Spending plan tops $507 million
The general fund is the main operational fund, but there are a number of entities that rely on outside resources such as state and federal funding, service fees like water and sewer and independent tax levies. All funds combined, the total spending plan for next year amounts to $507.4 million with revenues totaling $433 million.
For many years the commissioners have required a structurally balanced general fund budget, meaning planned operational spending matches recurring revenues and carryover isn’t required to pay bills. The special funding sources are fluid so those budgets can’t really be structurally balanced.
In addition to the $118.9 million cost to run the county operations that are supported by the general fund, Boyko also plugged nearly $90 million — about nine months worth of operating expenses — in reserve as a precaution.
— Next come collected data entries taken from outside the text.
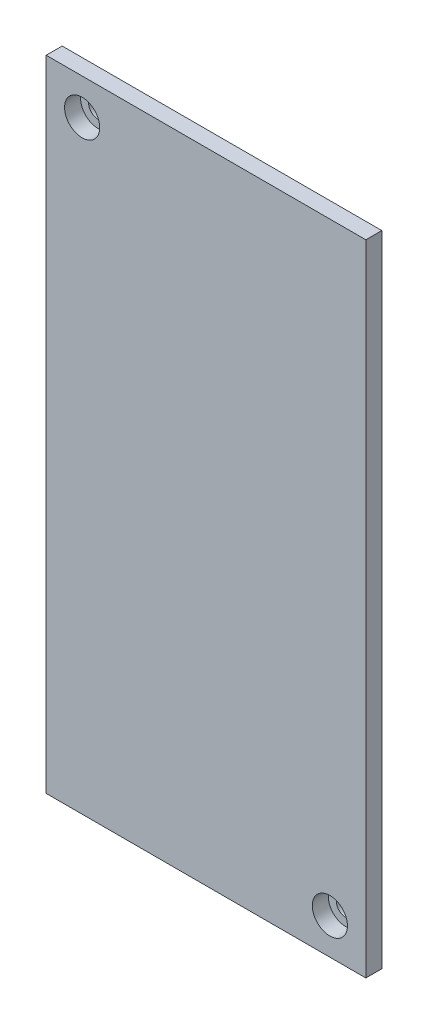
ISO-10303-21;
HEADER;
FILE_DESCRIPTION(('STEP AP214'),'2;1');
FILE_NAME('part.step','',(''),(''),'','','');
FILE_SCHEMA(('AUTOMOTIVE_DESIGN { 1 0 10303 214 1 1 1 1 }'));
ENDSEC;
DATA;
#1=APPLICATION_CONTEXT('core data for automotive mechanical design processes');
#2=APPLICATION_PROTOCOL_DEFINITION('international standard','automotive_design',2000,#1);
#3=PRODUCT_CONTEXT('',#1,'mechanical');
#4=PRODUCT('Part','Part','',(#3));
#5=PRODUCT_RELATED_PRODUCT_CATEGORY('part','',(#4));
#6=PRODUCT_DEFINITION_FORMATION('','',#4);
#7=PRODUCT_DEFINITION_CONTEXT('part definition',#1,'design');
#8=PRODUCT_DEFINITION('design','',#6,#7);
#9=PRODUCT_DEFINITION_SHAPE('','',#8);
#10=(LENGTH_UNIT() NAMED_UNIT(*) SI_UNIT(.MILLI.,.METRE.));
#11=(NAMED_UNIT(*) PLANE_ANGLE_UNIT() SI_UNIT($,.RADIAN.));
#12=(NAMED_UNIT(*) SI_UNIT($,.STERADIAN.) SOLID_ANGLE_UNIT());
#13=UNCERTAINTY_MEASURE_WITH_UNIT(LENGTH_MEASURE(1.E-05),#10,'distance_accuracy_value','');
#14=(GEOMETRIC_REPRESENTATION_CONTEXT(3) GLOBAL_UNCERTAINTY_ASSIGNED_CONTEXT((#13)) GLOBAL_UNIT_ASSIGNED_CONTEXT((#10,
#11,#12)) REPRESENTATION_CONTEXT('',''));
#15=CARTESIAN_POINT('',(0.,0.,0.));
#16=DIRECTION('',(0.,0.,1.));
#17=DIRECTION('',(1.,0.,0.));
#18=AXIS2_PLACEMENT_3D('',#15,#16,#17);
#19=CARTESIAN_POINT('',(15.5,-35.5,-1.));
#20=DIRECTION('',(0.,0.,1.));
#21=DIRECTION('',(1.,0.,0.));
#22=AXIS2_PLACEMENT_3D('',#19,#20,#21);
#23=CYLINDRICAL_SURFACE('',#22,1.2);
#24=CARTESIAN_POINT('',(15.5,-35.5,-1.));
#25=DIRECTION('',(0.,0.,1.));
#26=DIRECTION('',(1.,0.,0.));
#27=AXIS2_PLACEMENT_3D('',#24,#25,#26);
#28=CIRCLE('',#27,1.2);
#29=CARTESIAN_POINT('',(16.7,-35.5,-1.));
#30=VERTEX_POINT('',#29);
#31=EDGE_CURVE('E122',#30,#30,#28,.T.);
#32=ORIENTED_EDGE('',*,*,#31,.F.);
#33=EDGE_LOOP('',(#32));
#34=FACE_BOUND('',#33,.T.);
#35=CARTESIAN_POINT('',(15.5,-35.5,0.));
#36=DIRECTION('',(0.,0.,1.));
#37=DIRECTION('',(1.,0.,0.));
#38=AXIS2_PLACEMENT_3D('',#35,#36,#37);
#39=CIRCLE('',#38,1.2);
#40=CARTESIAN_POINT('',(16.7,-35.5,0.));
#41=VERTEX_POINT('',#40);
#42=EDGE_CURVE('E297',#41,#41,#39,.T.);
#43=ORIENTED_EDGE('',*,*,#42,.T.);
#44=EDGE_LOOP('',(#43));
#45=FACE_BOUND('',#44,.T.);
#46=ADVANCED_FACE('F33',(#34,#45),#23,.F.);
#47=CARTESIAN_POINT('',(-15.5,35.5,-1.));
#48=DIRECTION('',(0.,0.,1.));
#49=DIRECTION('',(1.,0.,0.));
#50=AXIS2_PLACEMENT_3D('',#47,#48,#49);
#51=CYLINDRICAL_SURFACE('',#50,1.2);
#52=CARTESIAN_POINT('',(-15.5,35.5,-1.));
#53=DIRECTION('',(0.,0.,1.));
#54=DIRECTION('',(1.,0.,0.));
#55=AXIS2_PLACEMENT_3D('',#52,#53,#54);
#56=CIRCLE('',#55,1.2);
#57=CARTESIAN_POINT('',(-14.3,35.5,-1.));
#58=VERTEX_POINT('',#57);
#59=EDGE_CURVE('E128',#58,#58,#56,.T.);
#60=ORIENTED_EDGE('',*,*,#59,.F.);
#61=EDGE_LOOP('',(#60));
#62=FACE_BOUND('',#61,.T.);
#63=CARTESIAN_POINT('',(-15.5,35.5,0.));
#64=DIRECTION('',(0.,0.,1.));
#65=DIRECTION('',(1.,0.,0.));
#66=AXIS2_PLACEMENT_3D('',#63,#64,#65);
#67=CIRCLE('',#66,1.2);
#68=CARTESIAN_POINT('',(-14.3,35.5,0.));
#69=VERTEX_POINT('',#68);
#70=EDGE_CURVE('E301',#69,#69,#67,.T.);
#71=ORIENTED_EDGE('',*,*,#70,.T.);
#72=EDGE_LOOP('',(#71));
#73=FACE_BOUND('',#72,.T.);
#74=ADVANCED_FACE('F198',(#62,#73),#51,.F.);
#75=CARTESIAN_POINT('',(20.,0.,2.));
#76=DIRECTION('',(1.,0.,0.));
#77=DIRECTION('',(0.,0.,-1.));
#78=AXIS2_PLACEMENT_3D('',#75,#76,#77);
#79=PLANE('',#78);
#80=DIRECTION('',(0.,-1.,0.));
#81=VECTOR('',#80,1.);
#82=CARTESIAN_POINT('',(20.,0.,0.));
#83=LINE('',#82,#81);
#84=CARTESIAN_POINT('',(20.,40.,0.));
#85=VERTEX_POINT('',#84);
#86=CARTESIAN_POINT('',(20.,-40.,0.));
#87=VERTEX_POINT('',#86);
#88=EDGE_CURVE('E133',#85,#87,#83,.T.);
#89=ORIENTED_EDGE('',*,*,#88,.F.);
#90=DIRECTION('',(0.,0.,-1.));
#91=VECTOR('',#90,1.);
#92=CARTESIAN_POINT('',(20.,40.,2.));
#93=LINE('',#92,#91);
#94=CARTESIAN_POINT('',(20.,40.,2.));
#95=VERTEX_POINT('',#94);
#96=EDGE_CURVE('E11',#95,#85,#93,.T.);
#97=ORIENTED_EDGE('',*,*,#96,.F.);
#98=DIRECTION('',(0.,-1.,0.));
#99=VECTOR('',#98,1.);
#100=CARTESIAN_POINT('',(20.,0.,2.));
#101=LINE('',#100,#99);
#102=CARTESIAN_POINT('',(20.,-40.,2.));
#103=VERTEX_POINT('',#102);
#104=EDGE_CURVE('E138',#95,#103,#101,.T.);
#105=ORIENTED_EDGE('',*,*,#104,.T.);
#106=DIRECTION('',(0.,0.,-1.));
#107=VECTOR('',#106,1.);
#108=CARTESIAN_POINT('',(20.,-40.,2.));
#109=LINE('',#108,#107);
#110=EDGE_CURVE('E149',#103,#87,#109,.T.);
#111=ORIENTED_EDGE('',*,*,#110,.T.);
#112=EDGE_LOOP('',(#89,#97,#105,#111));
#113=FACE_BOUND('',#112,.T.);
#114=ADVANCED_FACE('F35',(#113),#79,.T.);
#115=CARTESIAN_POINT('',(0.,40.,2.));
#116=DIRECTION('',(0.,1.,0.));
#117=DIRECTION('',(0.,0.,1.));
#118=AXIS2_PLACEMENT_3D('',#115,#116,#117);
#119=PLANE('',#118);
#120=DIRECTION('',(1.,0.,0.));
#121=VECTOR('',#120,1.);
#122=CARTESIAN_POINT('',(0.,40.,0.));
#123=LINE('',#122,#121);
#124=CARTESIAN_POINT('',(-20.,40.,0.));
#125=VERTEX_POINT('',#124);
#126=EDGE_CURVE('E152',#125,#85,#123,.T.);
#127=ORIENTED_EDGE('',*,*,#126,.F.);
#128=DIRECTION('',(0.,0.,-1.));
#129=VECTOR('',#128,1.);
#130=CARTESIAN_POINT('',(-20.,40.,2.));
#131=LINE('',#130,#129);
#132=CARTESIAN_POINT('',(-20.,40.,2.));
#133=VERTEX_POINT('',#132);
#134=EDGE_CURVE('E41',#133,#125,#131,.T.);
#135=ORIENTED_EDGE('',*,*,#134,.F.);
#136=DIRECTION('',(1.,0.,0.));
#137=VECTOR('',#136,1.);
#138=CARTESIAN_POINT('',(0.,40.,2.));
#139=LINE('',#138,#137);
#140=EDGE_CURVE('E141',#133,#95,#139,.T.);
#141=ORIENTED_EDGE('',*,*,#140,.T.);
#142=ORIENTED_EDGE('',*,*,#96,.T.);
#143=EDGE_LOOP('',(#127,#135,#141,#142));
#144=FACE_BOUND('',#143,.T.);
#145=ADVANCED_FACE('F173',(#144),#119,.T.);
#146=CARTESIAN_POINT('',(-20.,0.,2.));
#147=DIRECTION('',(1.,0.,0.));
#148=DIRECTION('',(0.,0.,-1.));
#149=AXIS2_PLACEMENT_3D('',#146,#147,#148);
#150=PLANE('',#149);
#151=DIRECTION('',(0.,-1.,0.));
#152=VECTOR('',#151,1.);
#153=CARTESIAN_POINT('',(-20.,0.,0.));
#154=LINE('',#153,#152);
#155=CARTESIAN_POINT('',(-20.,-40.,0.));
#156=VERTEX_POINT('',#155);
#157=EDGE_CURVE('E155',#125,#156,#154,.T.);
#158=ORIENTED_EDGE('',*,*,#157,.T.);
#159=DIRECTION('',(0.,0.,-1.));
#160=VECTOR('',#159,1.);
#161=CARTESIAN_POINT('',(-20.,-40.,2.));
#162=LINE('',#161,#160);
#163=CARTESIAN_POINT('',(-20.,-40.,2.));
#164=VERTEX_POINT('',#163);
#165=EDGE_CURVE('E160',#164,#156,#162,.T.);
#166=ORIENTED_EDGE('',*,*,#165,.F.);
#167=DIRECTION('',(0.,-1.,0.));
#168=VECTOR('',#167,1.);
#169=CARTESIAN_POINT('',(-20.,0.,2.));
#170=LINE('',#169,#168);
#171=EDGE_CURVE('E145',#133,#164,#170,.T.);
#172=ORIENTED_EDGE('',*,*,#171,.F.);
#173=ORIENTED_EDGE('',*,*,#134,.T.);
#174=EDGE_LOOP('',(#158,#166,#172,#173));
#175=FACE_BOUND('',#174,.T.);
#176=ADVANCED_FACE('F165',(#175),#150,.F.);
#177=CARTESIAN_POINT('',(0.,-40.,2.));
#178=DIRECTION('',(0.,1.,0.));
#179=DIRECTION('',(0.,0.,1.));
#180=AXIS2_PLACEMENT_3D('',#177,#178,#179);
#181=PLANE('',#180);
#182=DIRECTION('',(1.,0.,0.));
#183=VECTOR('',#182,1.);
#184=CARTESIAN_POINT('',(0.,-40.,0.));
#185=LINE('',#184,#183);
#186=EDGE_CURVE('E142',#156,#87,#185,.T.);
#187=ORIENTED_EDGE('',*,*,#186,.T.);
#188=ORIENTED_EDGE('',*,*,#110,.F.);
#189=DIRECTION('',(1.,0.,0.));
#190=VECTOR('',#189,1.);
#191=CARTESIAN_POINT('',(0.,-40.,2.));
#192=LINE('',#191,#190);
#193=EDGE_CURVE('E147',#164,#103,#192,.T.);
#194=ORIENTED_EDGE('',*,*,#193,.F.);
#195=ORIENTED_EDGE('',*,*,#165,.T.);
#196=EDGE_LOOP('',(#187,#188,#194,#195));
#197=FACE_BOUND('',#196,.T.);
#198=ADVANCED_FACE('F180',(#197),#181,.F.);
#199=CARTESIAN_POINT('',(0.,0.,2.));
#200=DIRECTION('',(0.,0.,1.));
#201=DIRECTION('',(1.,0.,0.));
#202=AXIS2_PLACEMENT_3D('',#199,#200,#201);
#203=PLANE('',#202);
#204=CARTESIAN_POINT('',(-15.5,35.5,2.));
#205=DIRECTION('',(0.,0.,1.));
#206=DIRECTION('',(1.,0.,0.));
#207=AXIS2_PLACEMENT_3D('',#204,#205,#206);
#208=CIRCLE('',#207,2.2);
#209=CARTESIAN_POINT('',(-13.3,35.5,2.));
#210=VERTEX_POINT('',#209);
#211=EDGE_CURVE('E305',#210,#210,#208,.T.);
#212=ORIENTED_EDGE('',*,*,#211,.F.);
#213=EDGE_LOOP('',(#212));
#214=FACE_BOUND('',#213,.T.);
#215=CARTESIAN_POINT('',(15.5,-35.5,2.));
#216=DIRECTION('',(0.,0.,1.));
#217=DIRECTION('',(1.,0.,0.));
#218=AXIS2_PLACEMENT_3D('',#215,#216,#217);
#219=CIRCLE('',#218,2.2);
#220=CARTESIAN_POINT('',(17.7,-35.5,2.));
#221=VERTEX_POINT('',#220);
#222=EDGE_CURVE('E302',#221,#221,#219,.T.);
#223=ORIENTED_EDGE('',*,*,#222,.F.);
#224=EDGE_LOOP('',(#223));
#225=FACE_BOUND('',#224,.T.);
#226=ORIENTED_EDGE('',*,*,#104,.F.);
#227=ORIENTED_EDGE('',*,*,#140,.F.);
#228=ORIENTED_EDGE('',*,*,#171,.T.);
#229=ORIENTED_EDGE('',*,*,#193,.T.);
#230=EDGE_LOOP('',(#226,#227,#228,#229));
#231=FACE_BOUND('',#230,.T.);
#232=ADVANCED_FACE('F182',(#214,#225,#231),#203,.T.);
#233=CARTESIAN_POINT('',(0.,0.,0.));
#234=DIRECTION('',(0.,0.,1.));
#235=DIRECTION('',(1.,0.,0.));
#236=AXIS2_PLACEMENT_3D('',#233,#234,#235);
#237=PLANE('',#236);
#238=DIRECTION('',(0.,1.,0.));
#239=VECTOR('',#238,1.);
#240=CARTESIAN_POINT('',(-17.8,0.,0.));
#241=LINE('',#240,#239);
#242=CARTESIAN_POINT('',(-17.8,-37.8,0.));
#243=VERTEX_POINT('',#242);
#244=CARTESIAN_POINT('',(-17.8,37.8,0.));
#245=VERTEX_POINT('',#244);
#246=EDGE_CURVE('E116',#243,#245,#241,.T.);
#247=ORIENTED_EDGE('',*,*,#246,.F.);
#248=DIRECTION('',(1.,0.,0.));
#249=VECTOR('',#248,1.);
#250=CARTESIAN_POINT('',(0.,-37.8,0.));
#251=LINE('',#250,#249);
#252=CARTESIAN_POINT('',(17.8,-37.8,0.));
#253=VERTEX_POINT('',#252);
#254=EDGE_CURVE('E48',#243,#253,#251,.T.);
#255=ORIENTED_EDGE('',*,*,#254,.T.);
#256=DIRECTION('',(0.,1.,0.));
#257=VECTOR('',#256,1.);
#258=CARTESIAN_POINT('',(17.8,0.,0.));
#259=LINE('',#258,#257);
#260=CARTESIAN_POINT('',(17.8,37.8,0.));
#261=VERTEX_POINT('',#260);
#262=EDGE_CURVE('E53',#253,#261,#259,.T.);
#263=ORIENTED_EDGE('',*,*,#262,.T.);
#264=DIRECTION('',(1.,0.,0.));
#265=VECTOR('',#264,1.);
#266=CARTESIAN_POINT('',(0.,37.8,0.));
#267=LINE('',#266,#265);
#268=EDGE_CURVE('E119',#245,#261,#267,.T.);
#269=ORIENTED_EDGE('',*,*,#268,.F.);
#270=EDGE_LOOP('',(#247,#255,#263,#269));
#271=FACE_BOUND('',#270,.T.);
#272=ORIENTED_EDGE('',*,*,#88,.T.);
#273=ORIENTED_EDGE('',*,*,#186,.F.);
#274=ORIENTED_EDGE('',*,*,#157,.F.);
#275=ORIENTED_EDGE('',*,*,#126,.T.);
#276=EDGE_LOOP('',(#272,#273,#274,#275));
#277=FACE_BOUND('',#276,.T.);
#278=ADVANCED_FACE('F172',(#271,#277),#237,.F.);
#279=CARTESIAN_POINT('',(0.,-37.8,-1.));
#280=DIRECTION('',(0.,-1.,0.));
#281=DIRECTION('',(0.,0.,-1.));
#282=AXIS2_PLACEMENT_3D('',#279,#280,#281);
#283=PLANE('',#282);
#284=ORIENTED_EDGE('',*,*,#254,.F.);
#285=DIRECTION('',(0.,0.,1.));
#286=VECTOR('',#285,1.);
#287=CARTESIAN_POINT('',(-17.8,-37.8,-1.));
#288=LINE('',#287,#286);
#289=CARTESIAN_POINT('',(-17.8,-37.8,-1.));
#290=VERTEX_POINT('',#289);
#291=EDGE_CURVE('E114',#290,#243,#288,.T.);
#292=ORIENTED_EDGE('',*,*,#291,.F.);
#293=DIRECTION('',(1.,0.,0.));
#294=VECTOR('',#293,1.);
#295=CARTESIAN_POINT('',(0.,-37.8,-1.));
#296=LINE('',#295,#294);
#297=CARTESIAN_POINT('',(17.8,-37.8,-1.));
#298=VERTEX_POINT('',#297);
#299=EDGE_CURVE('E107',#290,#298,#296,.T.);
#300=ORIENTED_EDGE('',*,*,#299,.T.);
#301=DIRECTION('',(0.,0.,1.));
#302=VECTOR('',#301,1.);
#303=CARTESIAN_POINT('',(17.8,-37.8,-1.));
#304=LINE('',#303,#302);
#305=EDGE_CURVE('E95',#298,#253,#304,.T.);
#306=ORIENTED_EDGE('',*,*,#305,.T.);
#307=EDGE_LOOP('',(#284,#292,#300,#306));
#308=FACE_BOUND('',#307,.T.);
#309=ADVANCED_FACE('F112',(#308),#283,.T.);
#310=CARTESIAN_POINT('',(-17.8,0.,-1.));
#311=DIRECTION('',(1.,0.,0.));
#312=DIRECTION('',(0.,0.,-1.));
#313=AXIS2_PLACEMENT_3D('',#310,#311,#312);
#314=PLANE('',#313);
#315=ORIENTED_EDGE('',*,*,#246,.T.);
#316=DIRECTION('',(0.,0.,1.));
#317=VECTOR('',#316,1.);
#318=CARTESIAN_POINT('',(-17.8,37.8,-1.));
#319=LINE('',#318,#317);
#320=CARTESIAN_POINT('',(-17.8,37.8,-1.));
#321=VERTEX_POINT('',#320);
#322=EDGE_CURVE('E134',#321,#245,#319,.T.);
#323=ORIENTED_EDGE('',*,*,#322,.F.);
#324=DIRECTION('',(0.,1.,0.));
#325=VECTOR('',#324,1.);
#326=CARTESIAN_POINT('',(-17.8,0.,-1.));
#327=LINE('',#326,#325);
#328=EDGE_CURVE('E102',#290,#321,#327,.T.);
#329=ORIENTED_EDGE('',*,*,#328,.F.);
#330=ORIENTED_EDGE('',*,*,#291,.T.);
#331=EDGE_LOOP('',(#315,#323,#329,#330));
#332=FACE_BOUND('',#331,.T.);
#333=ADVANCED_FACE('F215',(#332),#314,.F.);
#334=CARTESIAN_POINT('',(0.,37.8,-1.));
#335=DIRECTION('',(0.,-1.,0.));
#336=DIRECTION('',(0.,0.,-1.));
#337=AXIS2_PLACEMENT_3D('',#334,#335,#336);
#338=PLANE('',#337);
#339=ORIENTED_EDGE('',*,*,#268,.T.);
#340=DIRECTION('',(0.,0.,1.));
#341=VECTOR('',#340,1.);
#342=CARTESIAN_POINT('',(17.8,37.8,-1.));
#343=LINE('',#342,#341);
#344=CARTESIAN_POINT('',(17.8,37.8,-1.));
#345=VERTEX_POINT('',#344);
#346=EDGE_CURVE('E101',#345,#261,#343,.T.);
#347=ORIENTED_EDGE('',*,*,#346,.F.);
#348=DIRECTION('',(1.,0.,0.));
#349=VECTOR('',#348,1.);
#350=CARTESIAN_POINT('',(0.,37.8,-1.));
#351=LINE('',#350,#349);
#352=EDGE_CURVE('E109',#321,#345,#351,.T.);
#353=ORIENTED_EDGE('',*,*,#352,.F.);
#354=ORIENTED_EDGE('',*,*,#322,.T.);
#355=EDGE_LOOP('',(#339,#347,#353,#354));
#356=FACE_BOUND('',#355,.T.);
#357=ADVANCED_FACE('F218',(#356),#338,.F.);
#358=CARTESIAN_POINT('',(17.8,0.,-1.));
#359=DIRECTION('',(1.,0.,0.));
#360=DIRECTION('',(0.,0.,-1.));
#361=AXIS2_PLACEMENT_3D('',#358,#359,#360);
#362=PLANE('',#361);
#363=ORIENTED_EDGE('',*,*,#262,.F.);
#364=ORIENTED_EDGE('',*,*,#305,.F.);
#365=DIRECTION('',(0.,1.,0.));
#366=VECTOR('',#365,1.);
#367=CARTESIAN_POINT('',(17.8,0.,-1.));
#368=LINE('',#367,#366);
#369=EDGE_CURVE('E98',#298,#345,#368,.T.);
#370=ORIENTED_EDGE('',*,*,#369,.T.);
#371=ORIENTED_EDGE('',*,*,#346,.T.);
#372=EDGE_LOOP('',(#363,#364,#370,#371));
#373=FACE_BOUND('',#372,.T.);
#374=ADVANCED_FACE('F97',(#373),#362,.T.);
#375=CARTESIAN_POINT('',(0.,0.,-1.));
#376=DIRECTION('',(0.,0.,1.));
#377=DIRECTION('',(1.,0.,0.));
#378=AXIS2_PLACEMENT_3D('',#375,#376,#377);
#379=PLANE('',#378);
#380=ORIENTED_EDGE('',*,*,#59,.T.);
#381=EDGE_LOOP('',(#380));
#382=FACE_BOUND('',#381,.T.);
#383=ORIENTED_EDGE('',*,*,#31,.T.);
#384=EDGE_LOOP('',(#383));
#385=FACE_BOUND('',#384,.T.);
#386=ORIENTED_EDGE('',*,*,#299,.F.);
#387=ORIENTED_EDGE('',*,*,#328,.T.);
#388=ORIENTED_EDGE('',*,*,#352,.T.);
#389=ORIENTED_EDGE('',*,*,#369,.F.);
#390=EDGE_LOOP('',(#386,#387,#388,#389));
#391=FACE_BOUND('',#390,.T.);
#392=ADVANCED_FACE('F106',(#382,#385,#391),#379,.F.);
#393=CARTESIAN_POINT('',(-15.5,35.5,0.));
#394=DIRECTION('',(0.,0.,1.));
#395=DIRECTION('',(1.,0.,0.));
#396=AXIS2_PLACEMENT_3D('',#393,#394,#395);
#397=CYLINDRICAL_SURFACE('',#396,2.2);
#398=CARTESIAN_POINT('',(-15.5,35.5,0.));
#399=DIRECTION('',(0.,0.,1.));
#400=DIRECTION('',(1.,0.,0.));
#401=AXIS2_PLACEMENT_3D('',#398,#399,#400);
#402=CIRCLE('',#401,2.2);
#403=CARTESIAN_POINT('',(-13.3,35.5,0.));
#404=VERTEX_POINT('',#403);
#405=EDGE_CURVE('E314',#404,#404,#402,.T.);
#406=ORIENTED_EDGE('',*,*,#405,.F.);
#407=EDGE_LOOP('',(#406));
#408=FACE_BOUND('',#407,.T.);
#409=ORIENTED_EDGE('',*,*,#211,.T.);
#410=EDGE_LOOP('',(#409));
#411=FACE_BOUND('',#410,.T.);
#412=ADVANCED_FACE('F213',(#408,#411),#397,.F.);
#413=CARTESIAN_POINT('',(-15.5,35.5,0.));
#414=DIRECTION('',(0.,0.,1.));
#415=DIRECTION('',(1.,0.,0.));
#416=AXIS2_PLACEMENT_3D('',#413,#414,#415);
#417=PLANE('',#416);
#418=ORIENTED_EDGE('',*,*,#70,.F.);
#419=EDGE_LOOP('',(#418));
#420=FACE_BOUND('',#419,.T.);
#421=ORIENTED_EDGE('',*,*,#405,.T.);
#422=EDGE_LOOP('',(#421));
#423=FACE_BOUND('',#422,.T.);
#424=ADVANCED_FACE('F261',(#420,#423),#417,.T.);
#425=CARTESIAN_POINT('',(15.5,-35.5,0.));
#426=DIRECTION('',(0.,0.,1.));
#427=DIRECTION('',(1.,0.,0.));
#428=AXIS2_PLACEMENT_3D('',#425,#426,#427);
#429=CYLINDRICAL_SURFACE('',#428,2.2);
#430=CARTESIAN_POINT('',(15.5,-35.5,0.));
#431=DIRECTION('',(0.,0.,1.));
#432=DIRECTION('',(1.,0.,0.));
#433=AXIS2_PLACEMENT_3D('',#430,#431,#432);
#434=CIRCLE('',#433,2.2);
#435=CARTESIAN_POINT('',(17.7,-35.5,0.));
#436=VERTEX_POINT('',#435);
#437=EDGE_CURVE('E300',#436,#436,#434,.T.);
#438=ORIENTED_EDGE('',*,*,#437,.F.);
#439=EDGE_LOOP('',(#438));
#440=FACE_BOUND('',#439,.T.);
#441=ORIENTED_EDGE('',*,*,#222,.T.);
#442=EDGE_LOOP('',(#441));
#443=FACE_BOUND('',#442,.T.);
#444=ADVANCED_FACE('F268',(#440,#443),#429,.F.);
#445=CARTESIAN_POINT('',(15.5,-35.5,0.));
#446=DIRECTION('',(0.,0.,1.));
#447=DIRECTION('',(1.,0.,0.));
#448=AXIS2_PLACEMENT_3D('',#445,#446,#447);
#449=PLANE('',#448);
#450=ORIENTED_EDGE('',*,*,#42,.F.);
#451=EDGE_LOOP('',(#450));
#452=FACE_BOUND('',#451,.T.);
#453=ORIENTED_EDGE('',*,*,#437,.T.);
#454=EDGE_LOOP('',(#453));
#455=FACE_BOUND('',#454,.T.);
#456=ADVANCED_FACE('F276',(#452,#455),#449,.T.);
#457=CLOSED_SHELL('',(#46,#74,#114,#145,#176,#198,#232,#278,#309,#333,#357,#374,#392,#412,#424,
#444,#456));
#458=MANIFOLD_SOLID_BREP('B2',#457);
#459=ADVANCED_BREP_SHAPE_REPRESENTATION('',(#18,#458),#14);
#460=SHAPE_DEFINITION_REPRESENTATION(#9,#459);
ENDSEC;
END-ISO-10303-21;

Also built into the budget is the $16 million budget stabilization fund, $15 million for the capital reserve fund that is financing space reutilization projects, $6 million for capital projects, $5 million for a future project to upgrade the 911 telecommunications system, $4 million for the county engineer’s annual paving program and $1 million for a to-be-named American Rescue Plan Act project. That leaves a $25.6 million ending cash balance.
With the new cash infusion to the capital reserve fund there will be $45 million to implement the county’s space reutilization plan. The first phase is underway with the new joint facility for the coroner’s operation and sheriff dispatch center at the Princeton Road complex. The cost of that project is around $32 million.
Sales tax collections to increase
Boyko said this year sales tax — which amounts to about 40% of the general revenue budget — collections will be about $8.2 million more than they budgeted and investment income is also coming in around $8 million higher. However she said sales taxes appear to be leveling off at roughly $59 million, “we’ve almost plateaued so we are going to be watching that very carefully.”
Dixon said with all the extra they’ve had to spend in recent years, “We have to get a handle on ways to decrease our expenditures.”
“We did what we had to do and we’re in good shape I’m just saying we need to be very cautious moving forward,” he said. “We’re in great shape but I’m concerned about where we’re going in three, four, five years, we can’t continue on the increases we’ve experienced in the last three years without going upside down.”